The way UK banks make money on current accounts is via interest (the
difference between the Bank of England rate and their rate, the spread). They
can also charge non-basic current account customers for things like unagreed
overdrafts and so on.

I don't really understand why current accounts in the US cost $12-8/month. It
isn't like "checking accounts" in the US have much better interest rates. So
they're likely double-dipping (getting $ off of the spread AND fees).

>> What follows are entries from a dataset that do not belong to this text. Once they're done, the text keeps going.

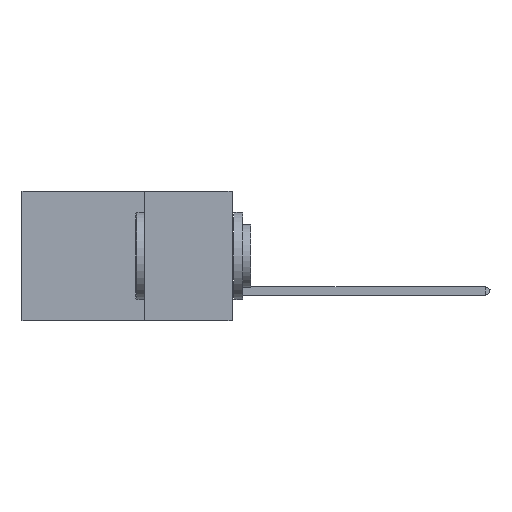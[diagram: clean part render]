
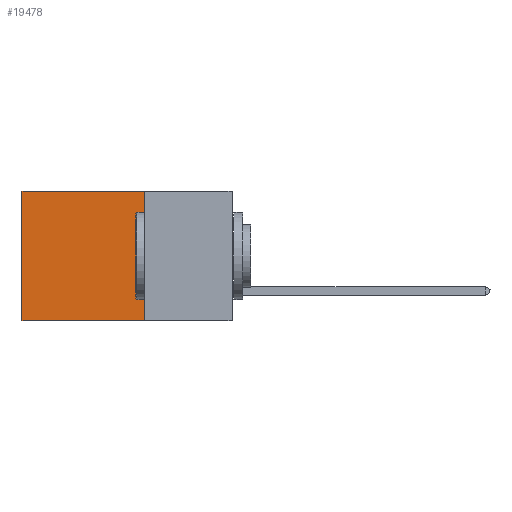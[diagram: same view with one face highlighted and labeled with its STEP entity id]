
A CAD part, left-side view. The second image highlights one B-rep face of the part: STEP entity #19478.
In plain terms, the highlighted planar face has unit normal (-1, 0, 0).
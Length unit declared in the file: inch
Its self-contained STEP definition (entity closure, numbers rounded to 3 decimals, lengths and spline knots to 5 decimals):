
#728 = CARTESIAN_POINT ( 'NONE',  ( 0.2875, 0.6, -0.37 ) ) ;
#1476 = VECTOR ( 'NONE', #18354, 39.37008 ) ;
#1731 = ORIENTED_EDGE ( 'NONE', *, *, #6170, .F. ) ;
#2053 = EDGE_CURVE ( 'NONE', #4812, #5537, #19026, .T. ) ;
#3404 = DIRECTION ( 'NONE',  ( 0., 1., 0. ) ) ;
#3838 = PLANE ( 'NONE',  #28116 ) ;
#4240 = CARTESIAN_POINT ( 'NONE',  ( 0.2875, 0.25, 0. ) ) ;
#4812 = VERTEX_POINT ( 'NONE', #31834 ) ;
#5537 = VERTEX_POINT ( 'NONE', #15465 ) ;
#6170 = EDGE_CURVE ( 'NONE', #5537, #6665, #9972, .T. ) ;
#6614 = EDGE_CURVE ( 'NONE', #25374, #6665, #12297, .T. ) ;
#6665 = VERTEX_POINT ( 'NONE', #728 ) ;
#9972 = LINE ( 'NONE', #21653, #38648 ) ;
#10788 = VECTOR ( 'NONE', #21973, 39.37008 ) ;
#11976 = VECTOR ( 'NONE', #12446, 39.37008 ) ;
#12297 = LINE ( 'NONE', #18745, #1476 ) ;
#12446 = DIRECTION ( 'NONE',  ( 0., 0., -1. ) ) ;
#12897 = DIRECTION ( 'NONE',  ( 0., 0., -1. ) ) ;
#13504 = EDGE_CURVE ( 'NONE', #4812, #25374, #34274, .T. ) ;
#14320 = EDGE_LOOP ( 'NONE', ( #35909, #1731, #34648, #23705 ) ) ;
#15465 = CARTESIAN_POINT ( 'NONE',  ( 0.2875, 0.25, -0.37 ) ) ;
#15815 = CARTESIAN_POINT ( 'NONE',  ( 0.2875, 0.25, 0. ) ) ;
#18354 = DIRECTION ( 'NONE',  ( 0., 0., -1. ) ) ;
#18745 = CARTESIAN_POINT ( 'NONE',  ( 0.2875, 0.6, 0. ) ) ;
#19026 = LINE ( 'NONE', #36609, #11976 ) ;
#19370 = DIRECTION ( 'NONE',  ( 1., 0., 0. ) ) ;
#19478 = ADVANCED_FACE ( 'NONE', ( #38412 ), #3838, .F. ) ;
#21653 = CARTESIAN_POINT ( 'NONE',  ( 0.2875, 0.25, -0.37 ) ) ;
#21973 = DIRECTION ( 'NONE',  ( 0., 1., 0. ) ) ;
#23705 = ORIENTED_EDGE ( 'NONE', *, *, #13504, .T. ) ;
#25064 = CARTESIAN_POINT ( 'NONE',  ( 0.2875, 0.6, 0. ) ) ;
#25374 = VERTEX_POINT ( 'NONE', #25064 ) ;
#28116 = AXIS2_PLACEMENT_3D ( 'NONE', #4240, #19370, #12897 ) ;
#31834 = CARTESIAN_POINT ( 'NONE',  ( 0.2875, 0.25, 0. ) ) ;
#34274 = LINE ( 'NONE', #15815, #10788 ) ;
#34648 = ORIENTED_EDGE ( 'NONE', *, *, #2053, .F. ) ;
#35909 = ORIENTED_EDGE ( 'NONE', *, *, #6614, .T. ) ;
#36609 = CARTESIAN_POINT ( 'NONE',  ( 0.2875, 0.25, 0. ) ) ;
#38412 = FACE_OUTER_BOUND ( 'NONE', #14320, .T. ) ;
#38648 = VECTOR ( 'NONE', #3404, 39.37008 ) ;
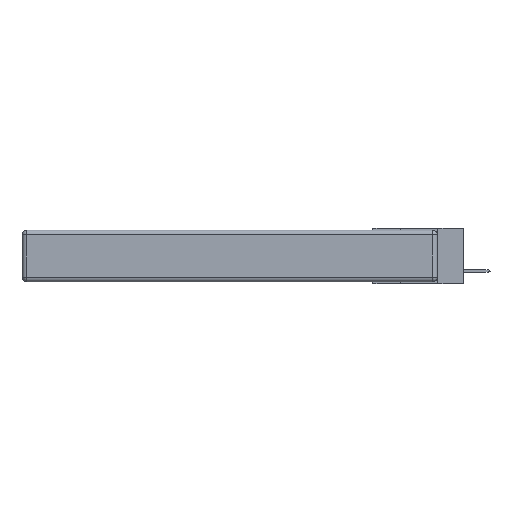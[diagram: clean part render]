
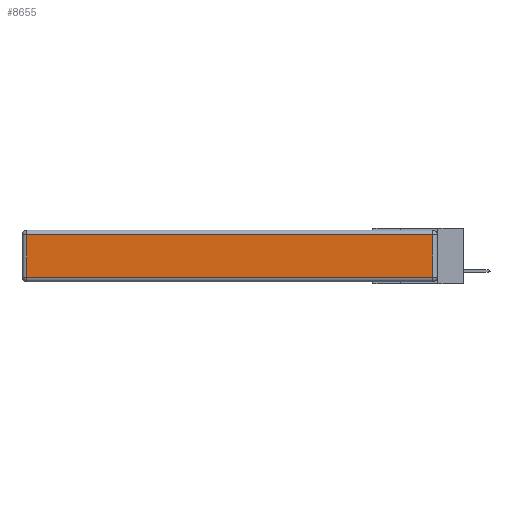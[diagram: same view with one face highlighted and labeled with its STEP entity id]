
A CAD part, left-side view. The second image highlights one B-rep face of the part: STEP entity #8655.
In plain terms, the highlighted planar face has unit normal (-1, 0, 0).
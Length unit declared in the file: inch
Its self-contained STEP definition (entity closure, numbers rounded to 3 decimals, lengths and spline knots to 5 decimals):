
#418 = VERTEX_POINT ( 'NONE', #1645 ) ;
#718 = PLANE ( 'NONE',  #1663 ) ;
#1501 = LINE ( 'NONE', #11784, #4141 ) ;
#1645 = CARTESIAN_POINT ( 'NONE',  ( 0., 0.03, -0.313 ) ) ;
#1663 = AXIS2_PLACEMENT_3D ( 'NONE', #6356, #4133, #14248 ) ;
#2238 = ORIENTED_EDGE ( 'NONE', *, *, #13641, .T. ) ;
#2375 = EDGE_CURVE ( 'NONE', #11046, #8871, #14193, .T. ) ;
#3306 = ORIENTED_EDGE ( 'NONE', *, *, #11440, .T. ) ;
#4043 = EDGE_CURVE ( 'NONE', #418, #4780, #12290, .T. ) ;
#4133 = DIRECTION ( 'NONE',  ( -1., 0., 0. ) ) ;
#4141 = VECTOR ( 'NONE', #10693, 39.37008 ) ;
#4678 = CARTESIAN_POINT ( 'NONE',  ( 0., 0.03, -0.03 ) ) ;
#4749 = CARTESIAN_POINT ( 'NONE',  ( 0., 2.72, -0.343 ) ) ;
#4780 = VERTEX_POINT ( 'NONE', #4678 ) ;
#5128 = ORIENTED_EDGE ( 'NONE', *, *, #2375, .T. ) ;
#5624 = VECTOR ( 'NONE', #6543, 39.37008 ) ;
#6263 = VECTOR ( 'NONE', #7017, 39.37008 ) ;
#6356 = CARTESIAN_POINT ( 'NONE',  ( 0., 0., -0.343 ) ) ;
#6543 = DIRECTION ( 'NONE',  ( 0., 0., 1. ) ) ;
#7017 = DIRECTION ( 'NONE',  ( 0., 1., 0. ) ) ;
#7620 = CARTESIAN_POINT ( 'NONE',  ( 0., 0.03, -0.343 ) ) ;
#7884 = EDGE_LOOP ( 'NONE', ( #3306, #9743, #2238, #5128 ) ) ;
#8655 = ADVANCED_FACE ( 'NONE', ( #10691 ), #718, .T. ) ;
#8871 = VERTEX_POINT ( 'NONE', #10087 ) ;
#9743 = ORIENTED_EDGE ( 'NONE', *, *, #4043, .T. ) ;
#10087 = CARTESIAN_POINT ( 'NONE',  ( 0., 2.72, -0.313 ) ) ;
#10489 = DIRECTION ( 'NONE',  ( 0., 0., -1. ) ) ;
#10691 = FACE_OUTER_BOUND ( 'NONE', #7884, .T. ) ;
#10693 = DIRECTION ( 'NONE',  ( 0., -1., 0. ) ) ;
#11046 = VERTEX_POINT ( 'NONE', #11119 ) ;
#11119 = CARTESIAN_POINT ( 'NONE',  ( 0., 2.72, -0.03 ) ) ;
#11374 = CARTESIAN_POINT ( 'NONE',  ( 0., 2.75, -0.03 ) ) ;
#11440 = EDGE_CURVE ( 'NONE', #8871, #418, #1501, .T. ) ;
#11784 = CARTESIAN_POINT ( 'NONE',  ( 0., 0., -0.313 ) ) ;
#12290 = LINE ( 'NONE', #7620, #5624 ) ;
#12565 = LINE ( 'NONE', #11374, #6263 ) ;
#13641 = EDGE_CURVE ( 'NONE', #4780, #11046, #12565, .T. ) ;
#13831 = VECTOR ( 'NONE', #10489, 39.37008 ) ;
#14193 = LINE ( 'NONE', #4749, #13831 ) ;
#14248 = DIRECTION ( 'NONE',  ( 0., 0., 1. ) ) ;

Plus a lot of US banks require you to have a savings account with $x in it on
top of your "checking account" just to waive the fee. Which means they're
still double dipping there too, the spread on both the savings in the savings
account (their "savings" accounts have horrible interest rates) and any money
in the "checking account."

This is also making it easy for fraudsters to move money. Since there are no
"basic bank accounts" for the poor, throw-away/burner debit cards have become
common which fraudsters can move stolen money onto and then spend it freely
(as those cards have no ID check, etc).

Don't even get me started on how big of a scam the throw-away/burner debit
cards are. Before you get someone one you should check out the fine print in
terms of fees that mysteriously eat up any remaining balance. Aside from the
risk of bankrupsy and loss of interest, normal gift cards are less of a scam.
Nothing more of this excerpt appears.